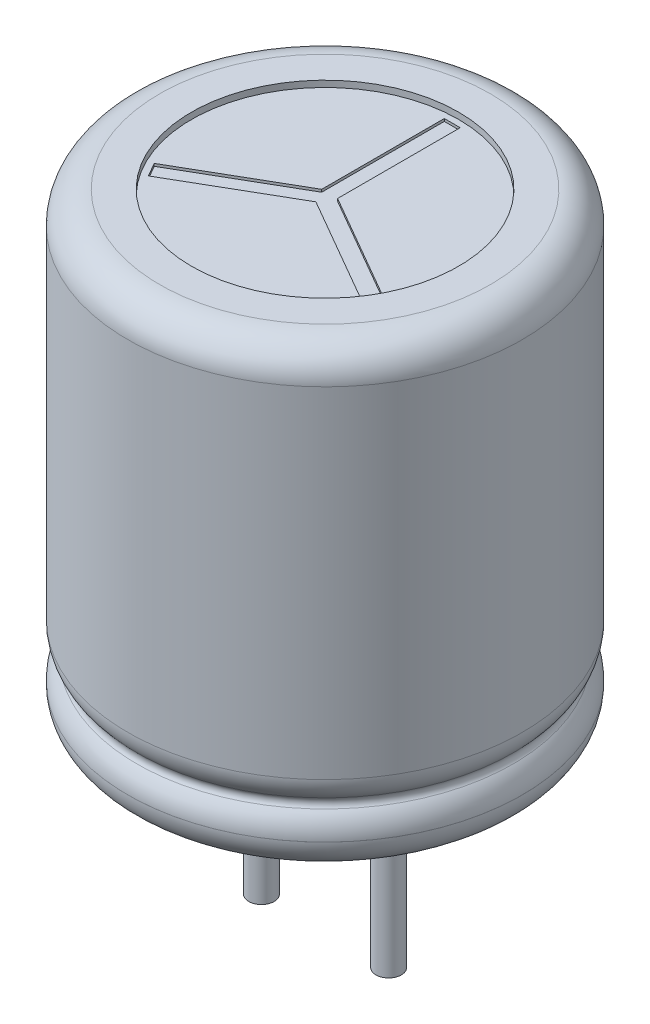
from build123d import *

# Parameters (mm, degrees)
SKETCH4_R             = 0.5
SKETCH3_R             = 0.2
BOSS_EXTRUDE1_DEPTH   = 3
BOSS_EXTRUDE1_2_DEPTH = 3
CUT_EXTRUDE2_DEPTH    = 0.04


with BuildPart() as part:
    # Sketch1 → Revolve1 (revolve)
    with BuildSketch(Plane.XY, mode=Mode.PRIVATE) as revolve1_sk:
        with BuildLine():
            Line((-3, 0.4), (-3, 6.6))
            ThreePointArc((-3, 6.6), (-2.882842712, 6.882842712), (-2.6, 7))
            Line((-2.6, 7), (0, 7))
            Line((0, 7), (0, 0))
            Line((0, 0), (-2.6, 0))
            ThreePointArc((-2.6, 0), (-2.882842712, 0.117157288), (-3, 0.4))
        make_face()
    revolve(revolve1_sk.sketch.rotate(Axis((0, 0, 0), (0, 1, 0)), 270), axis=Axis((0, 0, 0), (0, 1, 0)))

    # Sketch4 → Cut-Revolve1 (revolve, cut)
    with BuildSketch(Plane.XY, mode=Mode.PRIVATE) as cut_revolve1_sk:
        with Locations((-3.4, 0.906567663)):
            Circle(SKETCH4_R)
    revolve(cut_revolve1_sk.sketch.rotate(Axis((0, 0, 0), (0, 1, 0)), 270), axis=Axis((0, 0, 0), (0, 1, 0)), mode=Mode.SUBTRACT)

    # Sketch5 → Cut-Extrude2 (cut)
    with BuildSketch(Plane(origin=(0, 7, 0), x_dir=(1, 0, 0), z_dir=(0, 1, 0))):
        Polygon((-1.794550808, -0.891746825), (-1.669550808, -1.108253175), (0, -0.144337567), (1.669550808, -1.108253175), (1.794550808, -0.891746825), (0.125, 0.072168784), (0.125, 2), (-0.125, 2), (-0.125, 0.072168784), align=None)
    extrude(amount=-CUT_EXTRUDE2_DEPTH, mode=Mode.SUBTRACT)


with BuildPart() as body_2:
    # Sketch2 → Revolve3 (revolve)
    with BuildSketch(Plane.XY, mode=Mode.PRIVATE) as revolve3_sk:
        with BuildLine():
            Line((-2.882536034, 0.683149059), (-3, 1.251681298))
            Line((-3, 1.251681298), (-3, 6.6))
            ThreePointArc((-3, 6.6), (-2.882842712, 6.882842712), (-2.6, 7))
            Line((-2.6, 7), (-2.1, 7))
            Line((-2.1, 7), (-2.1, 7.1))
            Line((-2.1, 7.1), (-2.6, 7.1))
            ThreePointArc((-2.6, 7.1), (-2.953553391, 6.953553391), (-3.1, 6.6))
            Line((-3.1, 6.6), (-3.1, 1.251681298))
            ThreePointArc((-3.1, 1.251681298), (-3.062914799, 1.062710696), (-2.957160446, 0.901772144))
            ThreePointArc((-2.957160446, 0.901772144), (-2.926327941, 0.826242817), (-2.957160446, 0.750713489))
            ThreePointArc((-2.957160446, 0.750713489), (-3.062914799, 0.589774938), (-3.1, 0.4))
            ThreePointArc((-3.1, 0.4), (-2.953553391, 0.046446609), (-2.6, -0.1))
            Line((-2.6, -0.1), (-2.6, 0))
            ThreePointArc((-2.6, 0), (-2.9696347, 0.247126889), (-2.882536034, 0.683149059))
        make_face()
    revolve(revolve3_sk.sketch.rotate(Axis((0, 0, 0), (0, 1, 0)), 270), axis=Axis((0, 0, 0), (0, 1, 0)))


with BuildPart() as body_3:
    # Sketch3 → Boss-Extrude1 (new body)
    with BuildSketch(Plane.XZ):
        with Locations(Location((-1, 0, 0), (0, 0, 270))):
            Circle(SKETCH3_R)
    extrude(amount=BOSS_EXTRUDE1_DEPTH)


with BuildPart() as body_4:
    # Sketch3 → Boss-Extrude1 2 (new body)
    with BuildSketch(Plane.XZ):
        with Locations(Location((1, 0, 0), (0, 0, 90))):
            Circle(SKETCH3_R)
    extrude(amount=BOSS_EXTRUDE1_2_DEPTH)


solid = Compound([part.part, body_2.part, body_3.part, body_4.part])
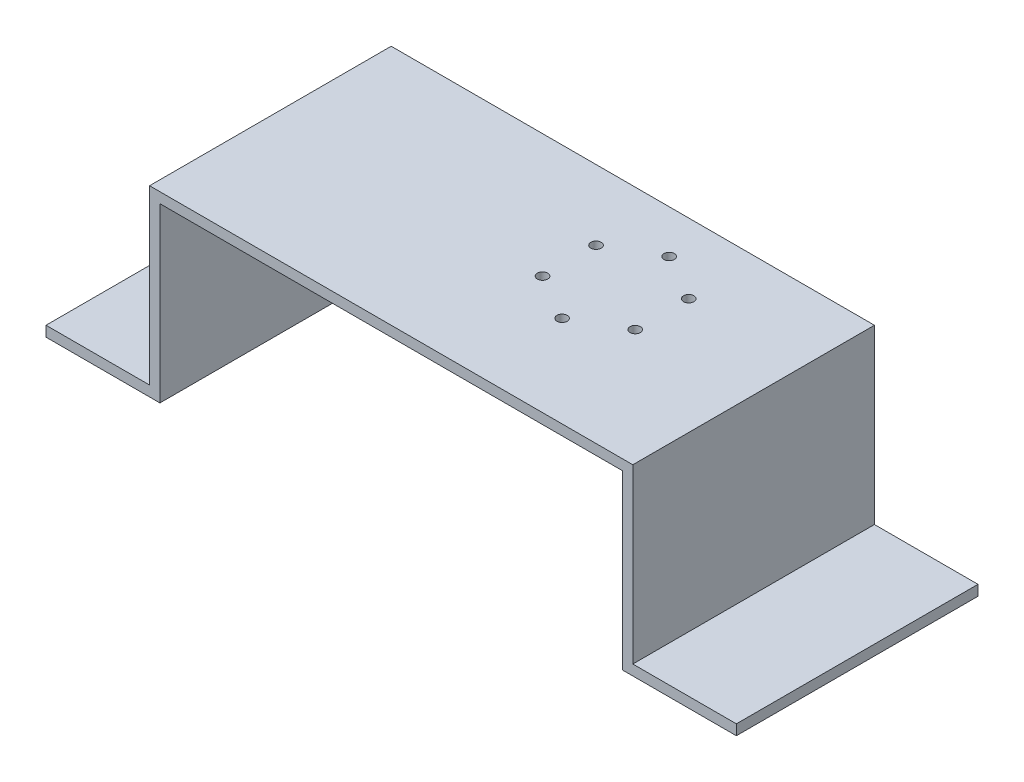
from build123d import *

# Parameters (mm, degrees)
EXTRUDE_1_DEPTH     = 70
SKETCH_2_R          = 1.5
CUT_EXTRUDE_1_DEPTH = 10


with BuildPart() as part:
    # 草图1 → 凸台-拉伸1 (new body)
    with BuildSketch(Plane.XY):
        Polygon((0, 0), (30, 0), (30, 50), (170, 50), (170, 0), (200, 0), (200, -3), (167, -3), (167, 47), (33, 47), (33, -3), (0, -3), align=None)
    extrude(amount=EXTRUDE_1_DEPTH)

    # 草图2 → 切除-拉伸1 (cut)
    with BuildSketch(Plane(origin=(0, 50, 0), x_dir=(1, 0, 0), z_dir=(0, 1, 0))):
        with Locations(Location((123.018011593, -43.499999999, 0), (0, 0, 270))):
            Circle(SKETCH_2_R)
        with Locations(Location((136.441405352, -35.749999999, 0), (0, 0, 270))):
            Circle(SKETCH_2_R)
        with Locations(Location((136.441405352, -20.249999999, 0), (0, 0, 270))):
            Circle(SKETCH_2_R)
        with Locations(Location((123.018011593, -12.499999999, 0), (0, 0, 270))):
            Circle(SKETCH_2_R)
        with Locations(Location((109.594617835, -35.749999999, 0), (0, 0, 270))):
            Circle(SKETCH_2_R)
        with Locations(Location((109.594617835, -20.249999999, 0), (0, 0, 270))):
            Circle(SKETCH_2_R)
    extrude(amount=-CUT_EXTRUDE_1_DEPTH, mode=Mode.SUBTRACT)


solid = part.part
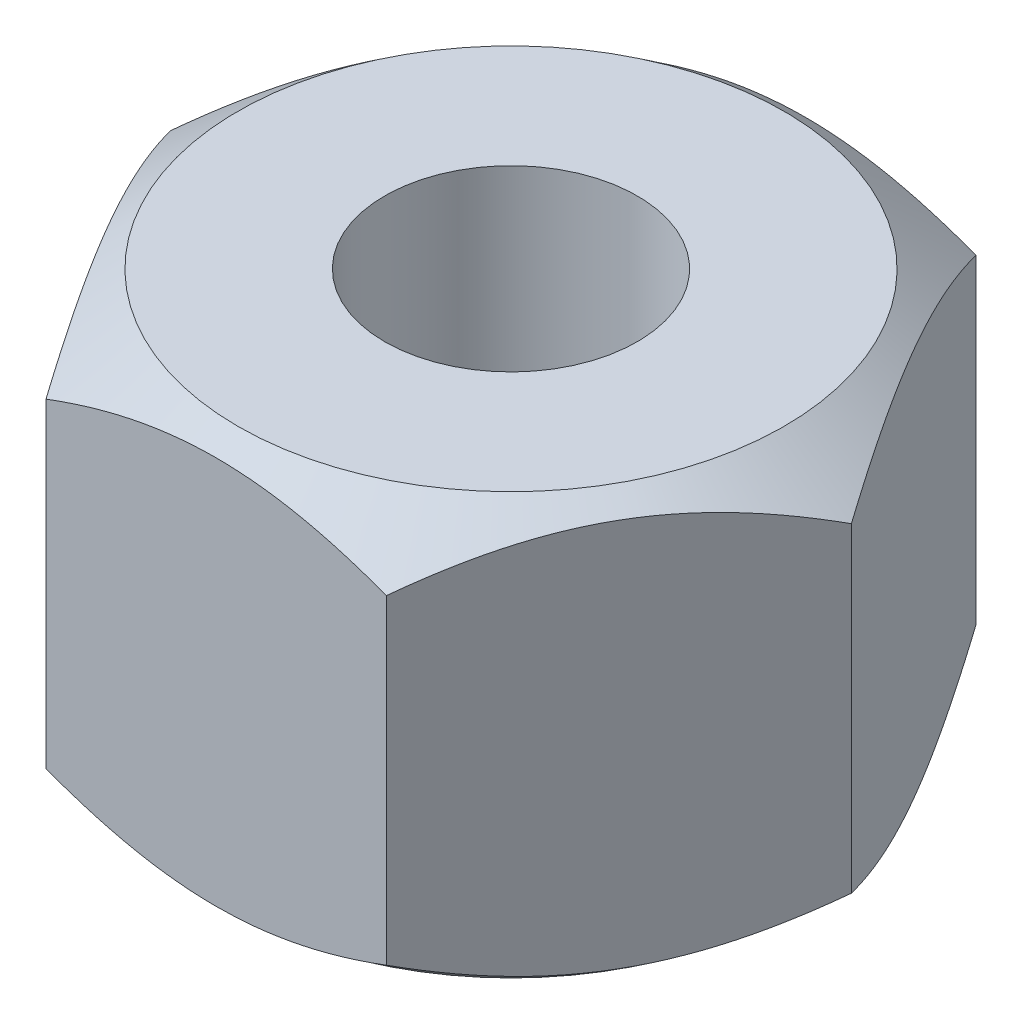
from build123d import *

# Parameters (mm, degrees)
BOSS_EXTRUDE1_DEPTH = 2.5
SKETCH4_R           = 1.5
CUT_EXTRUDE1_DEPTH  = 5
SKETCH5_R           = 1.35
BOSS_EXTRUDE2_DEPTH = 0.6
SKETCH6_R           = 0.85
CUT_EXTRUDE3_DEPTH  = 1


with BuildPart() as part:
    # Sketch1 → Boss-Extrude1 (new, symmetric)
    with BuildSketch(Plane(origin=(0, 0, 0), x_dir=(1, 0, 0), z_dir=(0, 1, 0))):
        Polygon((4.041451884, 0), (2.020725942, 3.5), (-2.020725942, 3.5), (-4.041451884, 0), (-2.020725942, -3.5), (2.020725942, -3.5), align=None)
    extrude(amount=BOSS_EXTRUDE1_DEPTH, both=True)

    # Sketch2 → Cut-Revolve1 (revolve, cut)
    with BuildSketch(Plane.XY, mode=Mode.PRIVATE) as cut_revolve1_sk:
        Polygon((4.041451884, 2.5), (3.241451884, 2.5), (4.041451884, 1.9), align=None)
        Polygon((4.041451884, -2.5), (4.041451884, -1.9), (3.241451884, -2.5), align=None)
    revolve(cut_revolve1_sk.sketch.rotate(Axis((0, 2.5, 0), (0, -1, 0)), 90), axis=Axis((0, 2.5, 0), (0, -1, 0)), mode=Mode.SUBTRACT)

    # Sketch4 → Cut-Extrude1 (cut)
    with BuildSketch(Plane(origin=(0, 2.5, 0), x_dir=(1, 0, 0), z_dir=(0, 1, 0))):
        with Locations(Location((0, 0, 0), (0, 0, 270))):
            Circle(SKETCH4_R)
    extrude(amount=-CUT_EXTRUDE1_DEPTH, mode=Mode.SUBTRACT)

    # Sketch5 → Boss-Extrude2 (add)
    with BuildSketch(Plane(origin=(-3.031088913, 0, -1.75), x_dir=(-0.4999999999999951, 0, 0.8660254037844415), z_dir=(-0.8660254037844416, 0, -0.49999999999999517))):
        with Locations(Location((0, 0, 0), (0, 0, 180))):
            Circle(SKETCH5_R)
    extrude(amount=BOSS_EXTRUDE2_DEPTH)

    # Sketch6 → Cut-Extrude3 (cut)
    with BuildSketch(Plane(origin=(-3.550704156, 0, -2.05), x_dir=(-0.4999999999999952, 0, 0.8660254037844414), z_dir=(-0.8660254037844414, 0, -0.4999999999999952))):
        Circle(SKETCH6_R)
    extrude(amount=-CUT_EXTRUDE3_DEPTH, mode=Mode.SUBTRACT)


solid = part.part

------

> [Task goal]:
Transcribe exactly, with no pictures, the lines running from the first line of the material through the line holding "# Sketch4 → Cut-Revolve1 (revolve, cut)".

> [Completed exercise]:
from build123d import *

# Parameters (mm, degrees)
SKETCH4_R             = 0.5
SKETCH3_R             = 0.2
BOSS_EXTRUDE1_DEPTH   = 3
BOSS_EXTRUDE1_2_DEPTH = 3
CUT_EXTRUDE2_DEPTH    = 0.04


with BuildPart() as part:
    # Sketch1 → Revolve1 (revolve)
    with BuildSketch(Plane.XY, mode=Mode.PRIVATE) as revolve1_sk:
        with BuildLine():
            Line((-3, 0.4), (-3, 6.6))
            ThreePointArc((-3, 6.6), (-2.882842712, 6.882842712), (-2.6, 7))
            Line((-2.6, 7), (0, 7))
            Line((0, 7), (0, 0))
            Line((0, 0), (-2.6, 0))
            ThreePointArc((-2.6, 0), (-2.882842712, 0.117157288), (-3, 0.4))
        make_face()
    revolve(revolve1_sk.sketch.rotate(Axis((0, 0, 0), (0, 1, 0)), 270), axis=Axis((0, 0, 0), (0, 1, 0)))

    # Sketch4 → Cut-Revolve1 (revolve, cut)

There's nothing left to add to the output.